Exactly as written, set down the lines from the top of the entries through the line bearing "R14, R15, R16: 1k;", with every picture left out.

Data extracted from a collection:
※ ※ ※

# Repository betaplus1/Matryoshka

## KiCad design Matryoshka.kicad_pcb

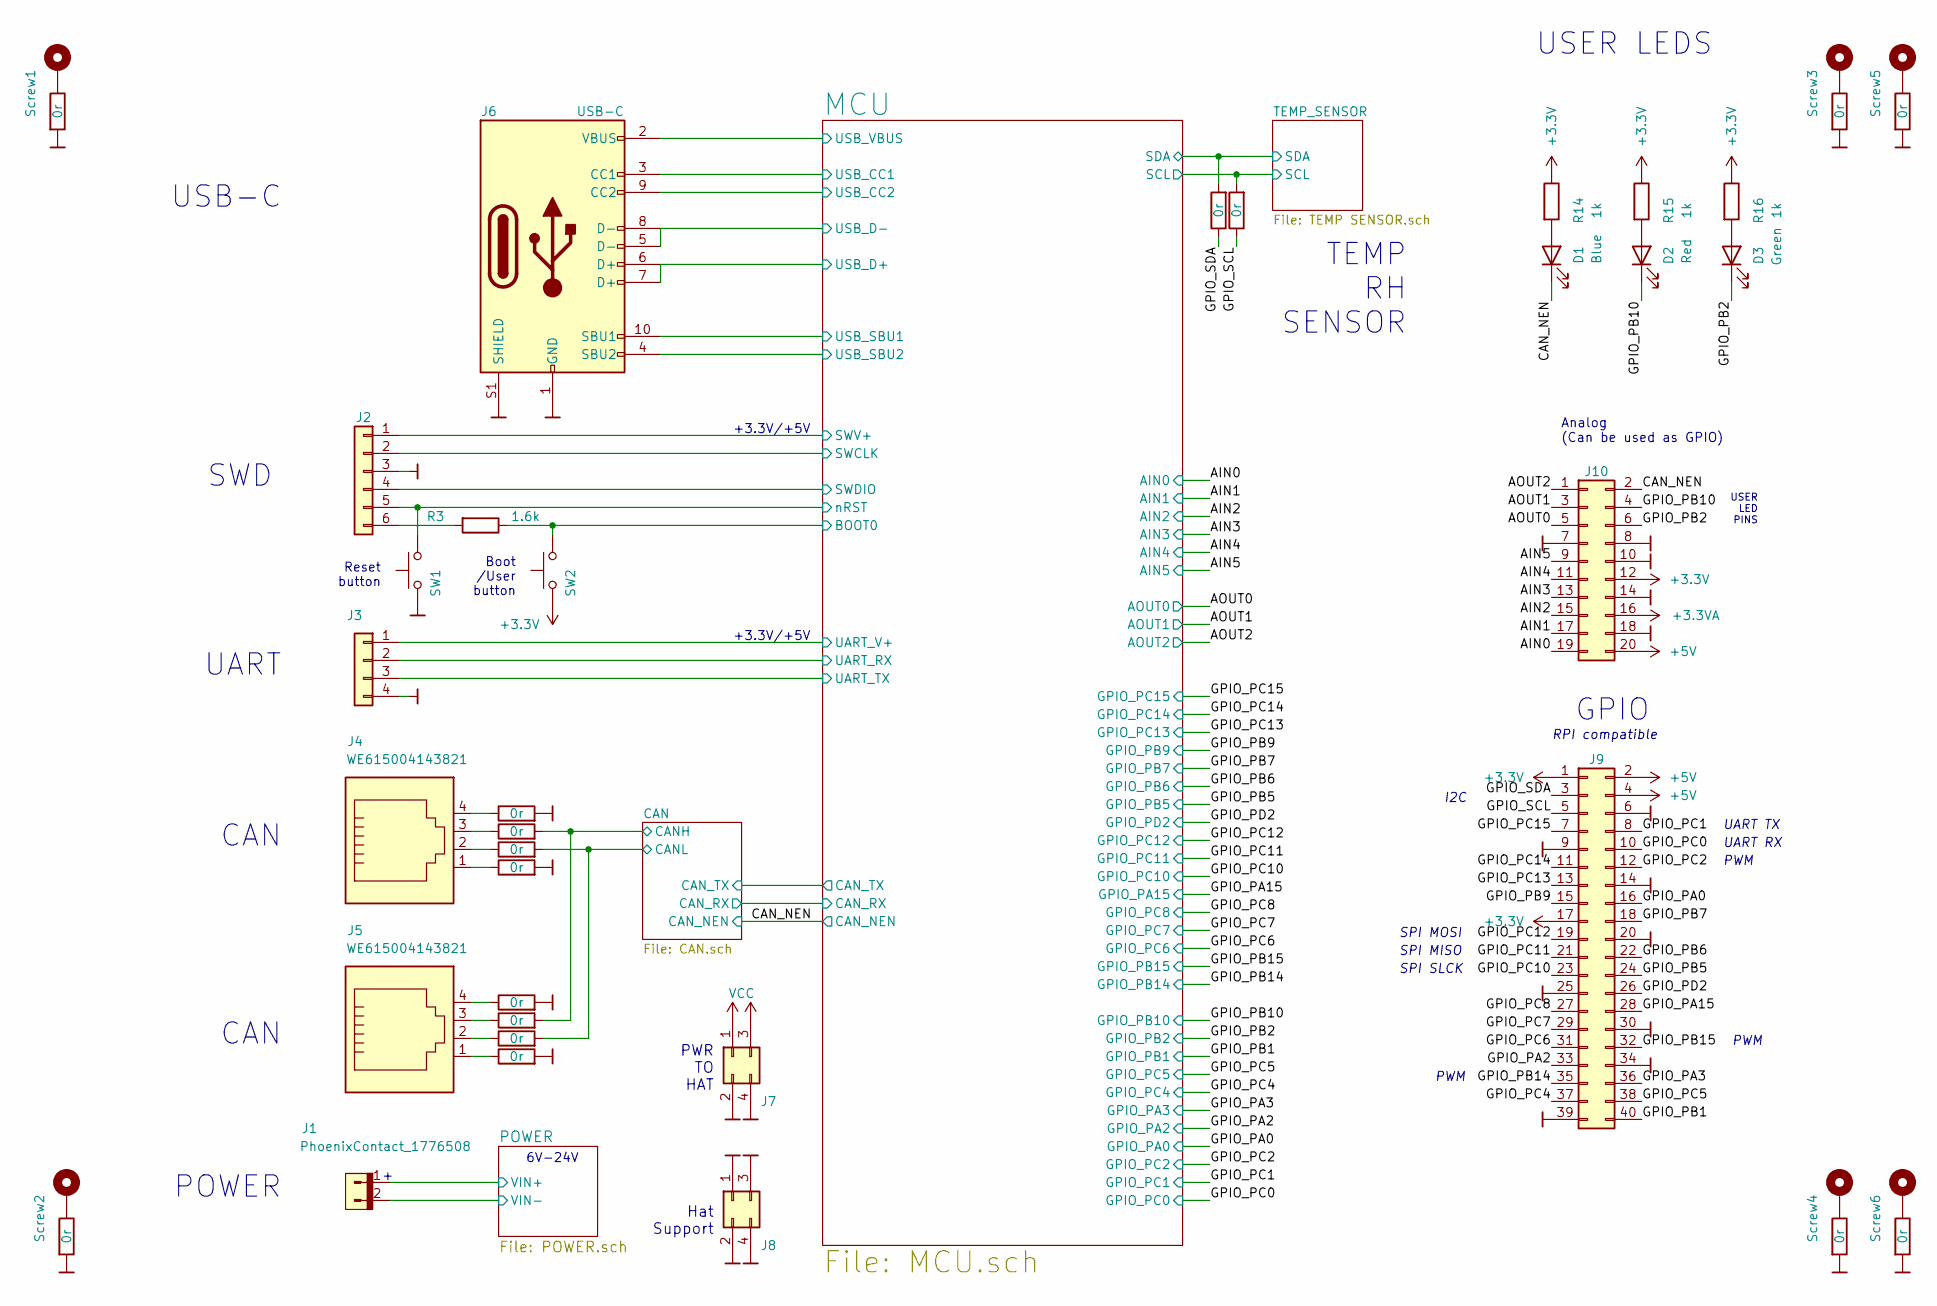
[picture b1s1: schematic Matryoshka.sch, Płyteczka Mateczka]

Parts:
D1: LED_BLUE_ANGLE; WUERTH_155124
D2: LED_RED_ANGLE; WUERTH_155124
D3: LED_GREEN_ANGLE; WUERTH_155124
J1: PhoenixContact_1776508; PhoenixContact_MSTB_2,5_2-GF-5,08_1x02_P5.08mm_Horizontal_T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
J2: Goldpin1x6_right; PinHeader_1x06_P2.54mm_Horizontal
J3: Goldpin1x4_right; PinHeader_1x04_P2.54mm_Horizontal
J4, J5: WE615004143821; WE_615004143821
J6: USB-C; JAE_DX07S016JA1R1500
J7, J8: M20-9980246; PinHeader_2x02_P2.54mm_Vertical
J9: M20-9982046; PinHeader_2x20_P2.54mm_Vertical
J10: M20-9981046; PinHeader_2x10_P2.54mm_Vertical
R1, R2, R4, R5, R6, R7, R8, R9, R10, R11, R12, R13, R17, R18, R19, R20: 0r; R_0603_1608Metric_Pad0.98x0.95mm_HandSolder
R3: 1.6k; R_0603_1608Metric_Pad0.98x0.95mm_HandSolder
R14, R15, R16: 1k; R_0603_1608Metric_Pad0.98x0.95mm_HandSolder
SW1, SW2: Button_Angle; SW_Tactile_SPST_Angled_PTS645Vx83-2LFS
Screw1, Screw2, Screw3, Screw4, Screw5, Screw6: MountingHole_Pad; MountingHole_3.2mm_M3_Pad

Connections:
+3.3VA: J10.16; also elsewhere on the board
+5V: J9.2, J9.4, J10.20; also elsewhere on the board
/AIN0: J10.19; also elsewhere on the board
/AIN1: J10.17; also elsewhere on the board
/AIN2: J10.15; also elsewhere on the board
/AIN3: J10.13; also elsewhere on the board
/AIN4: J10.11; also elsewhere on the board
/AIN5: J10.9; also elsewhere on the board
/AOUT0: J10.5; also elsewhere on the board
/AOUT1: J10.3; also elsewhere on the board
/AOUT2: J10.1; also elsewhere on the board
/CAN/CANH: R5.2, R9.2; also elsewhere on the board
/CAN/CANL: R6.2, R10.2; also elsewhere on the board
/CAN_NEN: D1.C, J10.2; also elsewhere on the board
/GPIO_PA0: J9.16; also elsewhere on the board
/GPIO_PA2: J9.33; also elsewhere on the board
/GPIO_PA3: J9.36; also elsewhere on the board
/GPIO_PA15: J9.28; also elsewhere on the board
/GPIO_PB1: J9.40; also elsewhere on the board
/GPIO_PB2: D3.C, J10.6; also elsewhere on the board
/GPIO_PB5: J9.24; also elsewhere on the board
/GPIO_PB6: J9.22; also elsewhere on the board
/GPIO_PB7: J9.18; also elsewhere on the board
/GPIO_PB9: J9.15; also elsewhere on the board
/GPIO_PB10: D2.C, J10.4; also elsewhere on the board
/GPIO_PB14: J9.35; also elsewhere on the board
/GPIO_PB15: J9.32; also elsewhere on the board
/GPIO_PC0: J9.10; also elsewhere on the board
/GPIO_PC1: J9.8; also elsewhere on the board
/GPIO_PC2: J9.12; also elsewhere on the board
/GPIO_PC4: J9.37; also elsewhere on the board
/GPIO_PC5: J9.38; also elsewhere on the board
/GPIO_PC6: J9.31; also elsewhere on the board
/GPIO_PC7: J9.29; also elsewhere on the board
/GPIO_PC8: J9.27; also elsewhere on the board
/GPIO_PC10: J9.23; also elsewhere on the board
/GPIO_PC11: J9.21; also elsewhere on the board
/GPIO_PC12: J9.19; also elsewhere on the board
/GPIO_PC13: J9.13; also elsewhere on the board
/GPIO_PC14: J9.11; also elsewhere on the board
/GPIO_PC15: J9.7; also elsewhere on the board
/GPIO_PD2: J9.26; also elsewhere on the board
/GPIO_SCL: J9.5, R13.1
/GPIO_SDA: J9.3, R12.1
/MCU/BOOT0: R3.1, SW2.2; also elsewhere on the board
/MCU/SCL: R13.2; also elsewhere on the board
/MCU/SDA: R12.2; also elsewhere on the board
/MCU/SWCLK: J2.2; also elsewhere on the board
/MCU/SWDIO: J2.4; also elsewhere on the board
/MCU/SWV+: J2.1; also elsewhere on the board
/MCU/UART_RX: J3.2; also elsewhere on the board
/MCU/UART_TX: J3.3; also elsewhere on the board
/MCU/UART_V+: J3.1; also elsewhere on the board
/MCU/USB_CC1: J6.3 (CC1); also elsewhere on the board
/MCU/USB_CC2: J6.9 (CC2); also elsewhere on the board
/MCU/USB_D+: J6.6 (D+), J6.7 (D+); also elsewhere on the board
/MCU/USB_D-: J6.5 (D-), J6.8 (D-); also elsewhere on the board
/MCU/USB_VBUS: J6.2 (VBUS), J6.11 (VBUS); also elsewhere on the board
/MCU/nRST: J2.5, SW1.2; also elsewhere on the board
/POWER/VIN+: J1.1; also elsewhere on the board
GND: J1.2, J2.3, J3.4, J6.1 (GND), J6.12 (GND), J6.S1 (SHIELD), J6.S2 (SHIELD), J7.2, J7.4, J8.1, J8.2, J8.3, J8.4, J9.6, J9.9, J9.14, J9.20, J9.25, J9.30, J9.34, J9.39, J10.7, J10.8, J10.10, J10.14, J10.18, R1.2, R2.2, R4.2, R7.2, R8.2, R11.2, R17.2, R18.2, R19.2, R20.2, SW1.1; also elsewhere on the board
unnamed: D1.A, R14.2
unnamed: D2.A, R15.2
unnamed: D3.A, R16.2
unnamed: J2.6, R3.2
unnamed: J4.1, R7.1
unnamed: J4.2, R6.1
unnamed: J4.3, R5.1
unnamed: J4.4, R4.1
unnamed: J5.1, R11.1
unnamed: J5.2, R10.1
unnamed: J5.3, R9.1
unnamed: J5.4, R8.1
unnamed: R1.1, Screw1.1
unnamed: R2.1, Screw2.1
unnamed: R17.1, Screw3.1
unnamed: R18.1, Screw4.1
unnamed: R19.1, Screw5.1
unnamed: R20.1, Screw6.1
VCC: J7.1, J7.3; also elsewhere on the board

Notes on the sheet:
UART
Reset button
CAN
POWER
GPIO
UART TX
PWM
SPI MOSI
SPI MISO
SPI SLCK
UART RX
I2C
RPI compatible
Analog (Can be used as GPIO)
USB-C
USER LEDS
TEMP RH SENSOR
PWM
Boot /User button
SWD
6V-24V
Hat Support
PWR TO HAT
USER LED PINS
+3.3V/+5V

※ ※ ※

**Exercise output**
# Repository betaplus1/Matryoshka

## KiCad design Matryoshka.kicad_pcb

[picture b1s1: schematic Matryoshka.sch, Płyteczka Mateczka]

Parts:
D1: LED_BLUE_ANGLE; WUERTH_155124
D2: LED_RED_ANGLE; WUERTH_155124
D3: LED_GREEN_ANGLE; WUERTH_155124
J1: PhoenixContact_1776508; PhoenixContact_MSTB_2,5_2-GF-5,08_1x02_P5.08mm_Horizontal_T
J2: Goldpin1x6_right; PinHeader_1x06_P2.54mm_Horizontal
J3: Goldpin1x4_right; PinHeader_1x04_P2.54mm_Horizontal
J4, J5: WE615004143821; WE_615004143821
J6: USB-C; JAE_DX07S016JA1R1500
J7, J8: M20-9980246; PinHeader_2x02_P2.54mm_Vertical
J9: M20-9982046; PinHeader_2x20_P2.54mm_Vertical
J10: M20-9981046; PinHeader_2x10_P2.54mm_Vertical
R1, R2, R4, R5, R6, R7, R8, R9, R10, R11, R12, R13, R17, R18, R19, R20: 0r; R_0603_1608Metric_Pad0.98x0.95mm_HandSolder
R3: 1.6k; R_0603_1608Metric_Pad0.98x0.95mm_HandSolder
R14, R15, R16: 1k; R_0603_1608Metric_Pad0.98x0.95mm_HandSolder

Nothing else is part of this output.